= Beginning of Section =

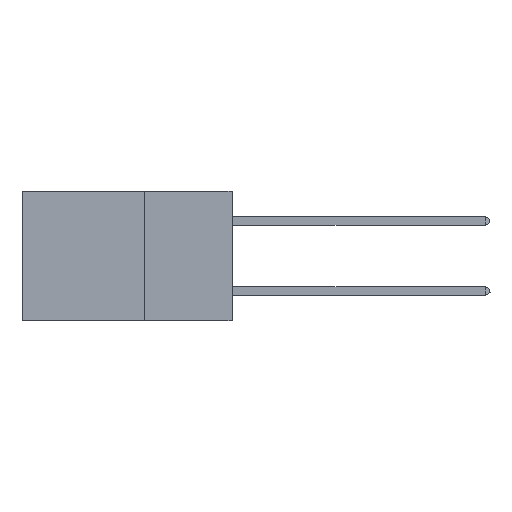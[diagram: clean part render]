
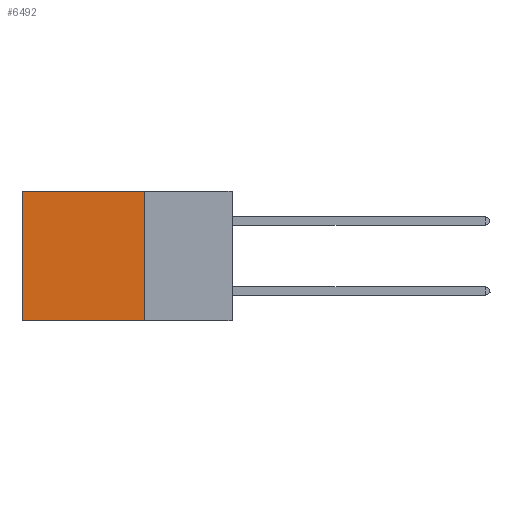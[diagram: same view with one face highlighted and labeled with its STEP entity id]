
A CAD part, left-side view. The second image highlights one B-rep face of the part: STEP entity #6492.
In plain terms, the highlighted planar face has unit normal (-1, 0, 0).
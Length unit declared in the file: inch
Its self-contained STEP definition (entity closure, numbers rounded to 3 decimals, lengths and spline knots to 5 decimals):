
#110 = VERTEX_POINT ( 'NONE', #3497 ) ;
#205 = VERTEX_POINT ( 'NONE', #9016 ) ;
#407 = DIRECTION ( 'NONE',  ( 0., 0., -1. ) ) ;
#456 = DIRECTION ( 'NONE',  ( 0., 0., -1. ) ) ;
#788 = CARTESIAN_POINT ( 'NONE',  ( 0.2875, 0.25, -0.37 ) ) ;
#1862 = LINE ( 'NONE', #8820, #2731 ) ;
#2731 = VECTOR ( 'NONE', #4241, 39.37008 ) ;
#2782 = ORIENTED_EDGE ( 'NONE', *, *, #3853, .F. ) ;
#2806 = EDGE_CURVE ( 'NONE', #205, #12355, #7691, .T. ) ;
#2903 = ORIENTED_EDGE ( 'NONE', *, *, #7850, .T. ) ;
#2937 = LINE ( 'NONE', #12845, #14246 ) ;
#3129 = ORIENTED_EDGE ( 'NONE', *, *, #2806, .F. ) ;
#3273 = EDGE_CURVE ( 'NONE', #3689, #110, #2937, .T. ) ;
#3497 = CARTESIAN_POINT ( 'NONE',  ( 0.2875, 0.6, -0.37 ) ) ;
#3689 = VERTEX_POINT ( 'NONE', #13707 ) ;
#3853 = EDGE_CURVE ( 'NONE', #12355, #110, #6626, .T. ) ;
#4241 = DIRECTION ( 'NONE',  ( 0., 1., 0. ) ) ;
#5250 = PLANE ( 'NONE',  #6455 ) ;
#5764 = VECTOR ( 'NONE', #407, 39.37008 ) ;
#6455 = AXIS2_PLACEMENT_3D ( 'NONE', #10267, #9609, #9208 ) ;
#6492 = ADVANCED_FACE ( 'NONE', ( #13893 ), #5250, .F. ) ;
#6626 = LINE ( 'NONE', #8501, #8911 ) ;
#7691 = LINE ( 'NONE', #12747, #5764 ) ;
#7850 = EDGE_CURVE ( 'NONE', #205, #3689, #1862, .T. ) ;
#8192 = EDGE_LOOP ( 'NONE', ( #13729, #2782, #3129, #2903 ) ) ;
#8501 = CARTESIAN_POINT ( 'NONE',  ( 0.2875, 0.25, -0.37 ) ) ;
#8820 = CARTESIAN_POINT ( 'NONE',  ( 0.2875, 0.25, 0. ) ) ;
#8911 = VECTOR ( 'NONE', #9610, 39.37008 ) ;
#9016 = CARTESIAN_POINT ( 'NONE',  ( 0.2875, 0.25, 0. ) ) ;
#9208 = DIRECTION ( 'NONE',  ( 0., 0., -1. ) ) ;
#9609 = DIRECTION ( 'NONE',  ( 1., 0., 0. ) ) ;
#9610 = DIRECTION ( 'NONE',  ( 0., 1., 0. ) ) ;
#10267 = CARTESIAN_POINT ( 'NONE',  ( 0.2875, 0.25, 0. ) ) ;
#12355 = VERTEX_POINT ( 'NONE', #788 ) ;
#12747 = CARTESIAN_POINT ( 'NONE',  ( 0.2875, 0.25, 0. ) ) ;
#12845 = CARTESIAN_POINT ( 'NONE',  ( 0.2875, 0.6, 0. ) ) ;
#13707 = CARTESIAN_POINT ( 'NONE',  ( 0.2875, 0.6, 0. ) ) ;
#13729 = ORIENTED_EDGE ( 'NONE', *, *, #3273, .T. ) ;
#13893 = FACE_OUTER_BOUND ( 'NONE', #8192, .T. ) ;
#14246 = VECTOR ( 'NONE', #456, 39.37008 ) ;

= End of Section =

Try it: Although the entries contain pictures, reproduce only the rest, exactly as written.

Task response:
[diagram: clean part render]
[diagram: same view with one face highlighted and labeled with its STEP entity id]
A CAD part, left-side view. The second image highlights one B-rep face of the part: STEP entity #6492.
In plain terms, the highlighted planar face has unit normal (-1, 0, 0).
Length unit declared in the file: inch
Its self-contained STEP definition (entity closure, numbers rounded to 3 decimals, lengths and spline knots to 5 decimals):
#110 = VERTEX_POINT ( 'NONE', #3497 ) ;
#205 = VERTEX_POINT ( 'NONE', #9016 ) ;
#407 = DIRECTION ( 'NONE',  ( 0., 0., -1. ) ) ;
#456 = DIRECTION ( 'NONE',  ( 0., 0., -1. ) ) ;
#788 = CARTESIAN_POINT ( 'NONE',  ( 0.2875, 0.25, -0.37 ) ) ;
#1862 = LINE ( 'NONE', #8820, #2731 ) ;
#2731 = VECTOR ( 'NONE', #4241, 39.37008 ) ;
#2782 = ORIENTED_EDGE ( 'NONE', *, *, #3853, .F. ) ;
#2806 = EDGE_CURVE ( 'NONE', #205, #12355, #7691, .T. ) ;
#2903 = ORIENTED_EDGE ( 'NONE', *, *, #7850, .T. ) ;
#2937 = LINE ( 'NONE', #12845, #14246 ) ;
#3129 = ORIENTED_EDGE ( 'NONE', *, *, #2806, .F. ) ;
#3273 = EDGE_CURVE ( 'NONE', #3689, #110, #2937, .T. ) ;
#3497 = CARTESIAN_POINT ( 'NONE',  ( 0.2875, 0.6, -0.37 ) ) ;
#3689 = VERTEX_POINT ( 'NONE', #13707 ) ;
#3853 = EDGE_CURVE ( 'NONE', #12355, #110, #6626, .T. ) ;
#4241 = DIRECTION ( 'NONE',  ( 0., 1., 0. ) ) ;
#5250 = PLANE ( 'NONE',  #6455 ) ;
#5764 = VECTOR ( 'NONE', #407, 39.37008 ) ;
#6455 = AXIS2_PLACEMENT_3D ( 'NONE', #10267, #9609, #9208 ) ;
#6492 = ADVANCED_FACE ( 'NONE', ( #13893 ), #5250, .F. ) ;
#6626 = LINE ( 'NONE', #8501, #8911 ) ;
#7691 = LINE ( 'NONE', #12747, #5764 ) ;
#7850 = EDGE_CURVE ( 'NONE', #205, #3689, #1862, .T. ) ;
#8192 = EDGE_LOOP ( 'NONE', ( #13729, #2782, #3129, #2903 ) ) ;
#8501 = CARTESIAN_POINT ( 'NONE',  ( 0.2875, 0.25, -0.37 ) ) ;
#8820 = CARTESIAN_POINT ( 'NONE',  ( 0.2875, 0.25, 0. ) ) ;
#8911 = VECTOR ( 'NONE', #9610, 39.37008 ) ;
#9016 = CARTESIAN_POINT ( 'NONE',  ( 0.2875, 0.25, 0. ) ) ;
#9208 = DIRECTION ( 'NONE',  ( 0., 0., -1. ) ) ;
#9609 = DIRECTION ( 'NONE',  ( 1., 0., 0. ) ) ;
#9610 = DIRECTION ( 'NONE',  ( 0., 1., 0. ) ) ;
#10267 = CARTESIAN_POINT ( 'NONE',  ( 0.2875, 0.25, 0. ) ) ;
#12355 = VERTEX_POINT ( 'NONE', #788 ) ;
#12747 = CARTESIAN_POINT ( 'NONE',  ( 0.2875, 0.25, 0. ) ) ;
#12845 = CARTESIAN_POINT ( 'NONE',  ( 0.2875, 0.6, 0. ) ) ;
#13707 = CARTESIAN_POINT ( 'NONE',  ( 0.2875, 0.6, 0. ) ) ;
#13729 = ORIENTED_EDGE ( 'NONE', *, *, #3273, .T. ) ;
#13893 = FACE_OUTER_BOUND ( 'NONE', #8192, .T. ) ;
#14246 = VECTOR ( 'NONE', #456, 39.37008 ) ;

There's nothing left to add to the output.